Maar als die conventionele centrales echt uit gaan, kunnen de prijzen in de wintermaanden door het spreekwoordelijke dak gaan, vanwege de schaarste. Of er ontstaan tekorten. Energiebedrijven met kolencentrales pleiten daarom voor een capaciteitsmarkt. Een soort subsidie voor het beschikbaar houden van de centrales als achtervang.
Uiteindelijk is dat een politieke keuze. Vooralsnog is die niet gemaakt, maar wordt er wel van alle kanten druk gelobbyd. Een ding staat wel vast. De prijs bepalen voor de kolencentrales is allerminst een eenvoudige zaak.
Nu ligt die kolencentrale op de Maasvlakte al maanden stil, vanwege lekkage in de boiler. Toch heeft Riverstone plannen om de centrale half oktober weer aan te zetten, zegt een externe woordvoerder.
De kolencentrale in de Eemshaven heeft tijdelijk minder gedraaid op verzoek van hoogspanningsbedrijf Tennet, zegt een woordvoerder van RWE, de Duitse eigenaar. Zo kon Tennet onderhoud doen aan het elektriciteitsnet. 'De centrale wordt gewoon ingezet als het nodig is en op basis van marktvraag', zegt de woordvoerder.
‘De centrale wordt gewoon ingezet als het nodig is en op basis van marktvraag’
Handelshuizen
Ook de centrale van Uniper op de Maasvlakte draait. Er zijn contracten met industriële grootverbruikers in de buurt. Soms draait de kolencentrale minder dan zou kunnen, omdat het rendabeler is om stroom op de markt te kopen. Want dat is de andere functie van de kolencentrale: de energiemaatschappijen zijn handelshuizen in termijncontracten. Zo kunnen ze toch nog rendabel zijn.
Lector Visser geeft een rekenvoorbeeld. Stel dat een kolencentrale haar stroom een jaar vooruit heeft verkocht voor €50 per megawattuur. Ze kunnen dat maken voor €30 per megawattuur. Dat is dan een winst van €20 per megawattuur.
En stel dat stroom op zekere dag op de spotmarkt €10 per megawattuur kost, dus goedkoper dan die energiemaatschappij het zelf kan maken. Dan maakt die energiemaatschappij niet zelf de stroom, maar koopt het op de spotmarkt. Vervolgens levert zij die gekochte stroom aan de klant, die er volgens afspraak €50 voor betaalt. Dat betekent dan die dag niet een winst van €20, maar van €40 per megawattuur voor die energiemaatschappij.

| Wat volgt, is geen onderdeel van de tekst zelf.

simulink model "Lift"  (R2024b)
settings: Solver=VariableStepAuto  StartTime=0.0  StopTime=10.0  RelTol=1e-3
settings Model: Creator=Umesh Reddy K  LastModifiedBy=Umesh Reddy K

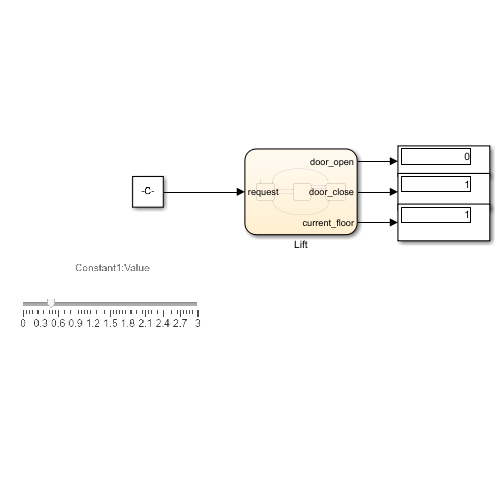
[thumbnail: Simulink's stored preview of the top-level diagram]
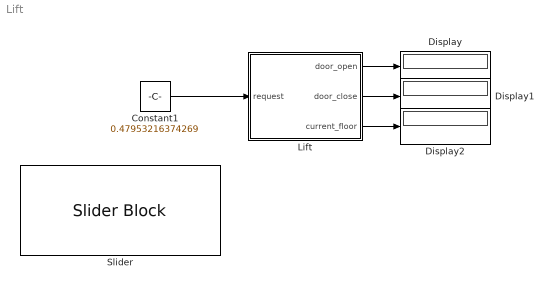
== system Lift ==
  Constant1 : Constant  Value=0.47953216374269
  Display : Display
  Display1 : Display
  Display2 : Display
  Lift : Stateflow chart  TreatAsAtomicUnit=on
  Slider : SliderBlock  ScaleMax=3
  wires:
  Constant1/1 -> Lift/1(request)
  Lift/1(door_open) -> Display/1
  Lift/2(door_close) -> Display1/1
  Lift/3(current_floor) -> Display2/1

== stateflow chart Lift/Lift ==
  state Floor1
    entry:
    door_open=true;
    current_floor = 1;
    after(10,sec);
    door_open=false;
    door_close=true;
  state Floor2
    entry:
    door_open=true;
    current_floor = 2;
    after(10,sec);
    door_open=false;
    door_close=true;
  state Floor3
    entry:
    door_open=true;
    current_floor = 3;
    after(10,sec);
    door_open=false;
    door_close=true;
  Floor3 -> Floor1 [order 2] : [request==1]
  (default) -> Floor1
  Floor2 -> Floor3 [order 2] : [request==3]
  Floor3 -> Floor2 [order 1] : [request==2]
  Floor1 -> Floor2 [order 1] : [request == 2]
  Floor2 -> Floor1 [order 1] : [request == 1]
  Floor1 -> Floor3 [order 2] : [request == 3]
  data: door_open output; door_close output; request input; current_floor output

'Bedrijven zijn zeker niet onrendabel', zegt Visser. 'Ze kunnen dit spelletje spelen, dankzij de kolencentrales die ze hebben. Want als het moet, kunnen ze altijd de stroom leveren.'
Prijs drukken
Of bedrijven zelf stroom maken, dan wel besluiten tot inkopen, hangt dus af van de stroomprijs. In 2030, wanneer de kolencentrales moeten sluiten, zou er volgens de plannen drie keer meer zonnestroom zijn dan nu en dubbel zoveel elektriciteit door wind op land, en vooral veel meer stroom van de windparken op zee, zo berekent Visser. Dat zou de prijzen moeten drukken.
Al laten stroomprijzen zich moeilijk voorspellen. In weken met weinig wind en zon is er straks minder aanbod. Bovendien gaan België en Duitsland kerncentrales en bruinkoolcentrales sluiten. Ontstaat er daardoor schaarste, dan stijgt de stoomprijs, wat gunstig is voor de kolencentrales.
De gasprijs is uitzonderlijk laag. Als die gaat stijgen, zal stroom uit gas al snel duurder worden dan stroom uit kolen. Kolencentrales worden dan weer rendabel. Dus al daalt de rol van kolencentrales in de energiemix snel, het is te vroeg om ze af te schrijven.